Letting \(n\rightarrow+\infty\), we get

$$ d(z,Tz)\leq\varphi_{2}\bigl(d(z,Tz)\bigr) \bigl(d(z,Tz)\bigr) $$

as \(\varphi_{2}(d(z,Tz))<1\). Thus we get \(d(z,Tz)=0\). Since Tz is closed, we obtain \(z\in Tz\). Thus z is a fixed point of T, and hence the proof is completed. □

4 Conlusion

Wardowski [17] very recently exploited the idea of F-contraction and proved a significant result concerning the existence of fixed points for such contractions in complete metric spaces. We continue his investigations and define two new classes of functions \(M(S,T)\) and \(N(S,T)\).

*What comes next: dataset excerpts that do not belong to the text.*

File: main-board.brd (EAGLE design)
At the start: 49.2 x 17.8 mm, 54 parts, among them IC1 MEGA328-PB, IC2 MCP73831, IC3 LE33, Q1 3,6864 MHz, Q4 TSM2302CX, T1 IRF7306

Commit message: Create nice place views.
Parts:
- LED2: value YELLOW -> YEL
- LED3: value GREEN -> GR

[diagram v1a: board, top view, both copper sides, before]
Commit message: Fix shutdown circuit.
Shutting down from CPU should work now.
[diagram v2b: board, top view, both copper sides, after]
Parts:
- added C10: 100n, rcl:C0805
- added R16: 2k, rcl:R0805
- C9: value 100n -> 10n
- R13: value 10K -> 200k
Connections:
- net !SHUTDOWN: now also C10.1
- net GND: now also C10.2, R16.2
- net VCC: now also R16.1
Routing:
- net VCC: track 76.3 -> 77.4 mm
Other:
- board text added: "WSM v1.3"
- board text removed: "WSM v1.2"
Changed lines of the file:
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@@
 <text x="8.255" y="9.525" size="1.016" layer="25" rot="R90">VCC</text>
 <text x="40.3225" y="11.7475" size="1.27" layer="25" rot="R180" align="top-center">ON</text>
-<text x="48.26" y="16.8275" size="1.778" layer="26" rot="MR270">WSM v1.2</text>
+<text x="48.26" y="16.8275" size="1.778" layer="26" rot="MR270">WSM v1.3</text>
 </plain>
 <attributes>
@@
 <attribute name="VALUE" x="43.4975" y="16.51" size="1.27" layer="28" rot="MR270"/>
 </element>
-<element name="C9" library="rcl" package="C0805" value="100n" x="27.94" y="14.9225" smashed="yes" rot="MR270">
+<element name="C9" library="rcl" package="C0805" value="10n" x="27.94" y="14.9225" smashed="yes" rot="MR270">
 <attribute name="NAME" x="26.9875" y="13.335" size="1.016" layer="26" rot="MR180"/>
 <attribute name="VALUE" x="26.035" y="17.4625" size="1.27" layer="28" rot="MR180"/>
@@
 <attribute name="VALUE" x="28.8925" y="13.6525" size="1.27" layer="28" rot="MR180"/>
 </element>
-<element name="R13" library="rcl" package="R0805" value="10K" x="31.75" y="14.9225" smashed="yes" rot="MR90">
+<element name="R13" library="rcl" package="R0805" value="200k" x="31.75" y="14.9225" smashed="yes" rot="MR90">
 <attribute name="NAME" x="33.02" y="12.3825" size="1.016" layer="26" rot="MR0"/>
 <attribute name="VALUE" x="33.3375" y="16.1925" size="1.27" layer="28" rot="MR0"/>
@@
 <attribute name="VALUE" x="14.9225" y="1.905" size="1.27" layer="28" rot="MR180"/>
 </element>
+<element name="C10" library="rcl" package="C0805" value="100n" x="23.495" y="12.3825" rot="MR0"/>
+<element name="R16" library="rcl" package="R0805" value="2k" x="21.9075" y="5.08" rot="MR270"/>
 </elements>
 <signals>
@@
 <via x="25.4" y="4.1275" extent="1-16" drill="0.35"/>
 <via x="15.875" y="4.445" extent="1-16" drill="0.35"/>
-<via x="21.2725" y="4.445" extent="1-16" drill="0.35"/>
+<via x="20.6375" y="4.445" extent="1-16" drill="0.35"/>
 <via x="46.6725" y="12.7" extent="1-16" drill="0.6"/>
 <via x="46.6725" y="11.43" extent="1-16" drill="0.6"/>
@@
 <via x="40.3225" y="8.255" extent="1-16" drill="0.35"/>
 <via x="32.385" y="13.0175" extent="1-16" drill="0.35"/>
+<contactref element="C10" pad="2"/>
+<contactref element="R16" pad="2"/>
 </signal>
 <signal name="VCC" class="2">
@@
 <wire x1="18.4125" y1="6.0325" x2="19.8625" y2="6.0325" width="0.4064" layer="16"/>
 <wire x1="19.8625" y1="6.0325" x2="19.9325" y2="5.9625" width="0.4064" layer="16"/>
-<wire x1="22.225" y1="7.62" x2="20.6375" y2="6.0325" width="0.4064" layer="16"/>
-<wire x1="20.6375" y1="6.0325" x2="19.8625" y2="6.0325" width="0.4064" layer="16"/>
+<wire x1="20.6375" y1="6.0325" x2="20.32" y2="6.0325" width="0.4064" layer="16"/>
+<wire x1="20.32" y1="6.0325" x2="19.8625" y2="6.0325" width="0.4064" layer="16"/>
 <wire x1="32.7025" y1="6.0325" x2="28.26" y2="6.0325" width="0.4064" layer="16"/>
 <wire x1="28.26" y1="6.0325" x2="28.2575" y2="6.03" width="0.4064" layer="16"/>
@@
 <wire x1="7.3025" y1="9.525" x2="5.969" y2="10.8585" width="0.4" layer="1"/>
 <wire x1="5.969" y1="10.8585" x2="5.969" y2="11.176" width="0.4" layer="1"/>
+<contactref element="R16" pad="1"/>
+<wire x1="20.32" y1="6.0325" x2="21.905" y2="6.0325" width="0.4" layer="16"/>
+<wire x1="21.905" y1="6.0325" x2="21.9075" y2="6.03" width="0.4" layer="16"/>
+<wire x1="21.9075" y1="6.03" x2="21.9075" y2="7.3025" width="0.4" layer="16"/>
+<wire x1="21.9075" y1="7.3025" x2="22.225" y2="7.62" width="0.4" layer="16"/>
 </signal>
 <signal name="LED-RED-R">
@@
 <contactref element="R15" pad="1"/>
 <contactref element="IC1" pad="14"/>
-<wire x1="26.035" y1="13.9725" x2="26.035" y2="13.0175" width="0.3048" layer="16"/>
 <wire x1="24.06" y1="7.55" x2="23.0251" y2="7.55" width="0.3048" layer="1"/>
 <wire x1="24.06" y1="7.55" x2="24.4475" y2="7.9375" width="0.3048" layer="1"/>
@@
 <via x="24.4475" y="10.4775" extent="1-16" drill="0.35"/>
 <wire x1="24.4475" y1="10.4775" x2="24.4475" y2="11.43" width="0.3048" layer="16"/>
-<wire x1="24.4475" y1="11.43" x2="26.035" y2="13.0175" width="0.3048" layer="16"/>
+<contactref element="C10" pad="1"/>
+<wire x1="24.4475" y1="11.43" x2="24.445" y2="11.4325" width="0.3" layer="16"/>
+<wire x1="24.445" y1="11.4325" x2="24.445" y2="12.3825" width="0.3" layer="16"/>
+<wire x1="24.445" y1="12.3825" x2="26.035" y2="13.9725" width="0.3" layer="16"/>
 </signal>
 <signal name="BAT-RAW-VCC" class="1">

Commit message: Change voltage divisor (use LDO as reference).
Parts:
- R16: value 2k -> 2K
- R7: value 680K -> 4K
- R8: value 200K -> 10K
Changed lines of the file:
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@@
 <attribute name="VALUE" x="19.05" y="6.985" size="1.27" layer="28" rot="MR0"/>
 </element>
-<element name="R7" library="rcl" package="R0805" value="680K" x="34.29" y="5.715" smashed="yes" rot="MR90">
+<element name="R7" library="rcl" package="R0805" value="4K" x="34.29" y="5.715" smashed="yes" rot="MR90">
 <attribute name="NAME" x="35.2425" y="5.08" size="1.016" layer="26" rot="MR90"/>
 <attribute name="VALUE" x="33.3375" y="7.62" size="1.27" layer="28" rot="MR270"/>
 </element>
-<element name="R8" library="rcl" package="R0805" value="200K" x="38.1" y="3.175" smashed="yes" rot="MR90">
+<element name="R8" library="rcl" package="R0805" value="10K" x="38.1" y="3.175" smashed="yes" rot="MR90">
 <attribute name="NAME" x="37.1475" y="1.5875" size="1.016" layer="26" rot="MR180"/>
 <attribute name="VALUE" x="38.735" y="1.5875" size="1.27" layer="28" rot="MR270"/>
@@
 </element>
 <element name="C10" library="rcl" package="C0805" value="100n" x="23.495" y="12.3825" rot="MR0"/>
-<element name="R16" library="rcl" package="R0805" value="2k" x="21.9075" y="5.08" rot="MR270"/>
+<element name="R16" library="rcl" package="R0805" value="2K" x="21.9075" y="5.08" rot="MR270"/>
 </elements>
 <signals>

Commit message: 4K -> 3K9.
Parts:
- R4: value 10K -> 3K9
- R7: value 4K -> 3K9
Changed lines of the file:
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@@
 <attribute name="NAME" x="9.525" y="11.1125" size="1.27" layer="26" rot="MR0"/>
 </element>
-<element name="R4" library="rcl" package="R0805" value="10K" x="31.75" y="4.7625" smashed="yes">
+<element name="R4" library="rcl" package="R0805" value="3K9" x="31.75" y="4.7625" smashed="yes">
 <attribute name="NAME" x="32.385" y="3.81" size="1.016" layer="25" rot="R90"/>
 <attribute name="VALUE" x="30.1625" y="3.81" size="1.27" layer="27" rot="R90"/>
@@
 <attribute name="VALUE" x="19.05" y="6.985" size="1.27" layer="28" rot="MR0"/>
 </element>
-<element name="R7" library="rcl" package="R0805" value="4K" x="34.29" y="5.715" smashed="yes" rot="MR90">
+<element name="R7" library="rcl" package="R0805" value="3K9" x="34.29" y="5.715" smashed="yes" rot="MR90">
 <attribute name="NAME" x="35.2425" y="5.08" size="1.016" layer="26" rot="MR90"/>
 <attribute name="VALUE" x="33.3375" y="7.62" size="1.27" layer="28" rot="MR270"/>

In the present project, some unique common fixed point theorems for single-valued mappings and fixed point theorems of multivalued mappings under generalized contractive conditions in a complete metric space \((X,d)\) have been discussed. All the main results in this article are of some value for solving problems in complete metric spaces. Our results may be the motivation to other authors to extend and improve these results to be suitable tools for their applications.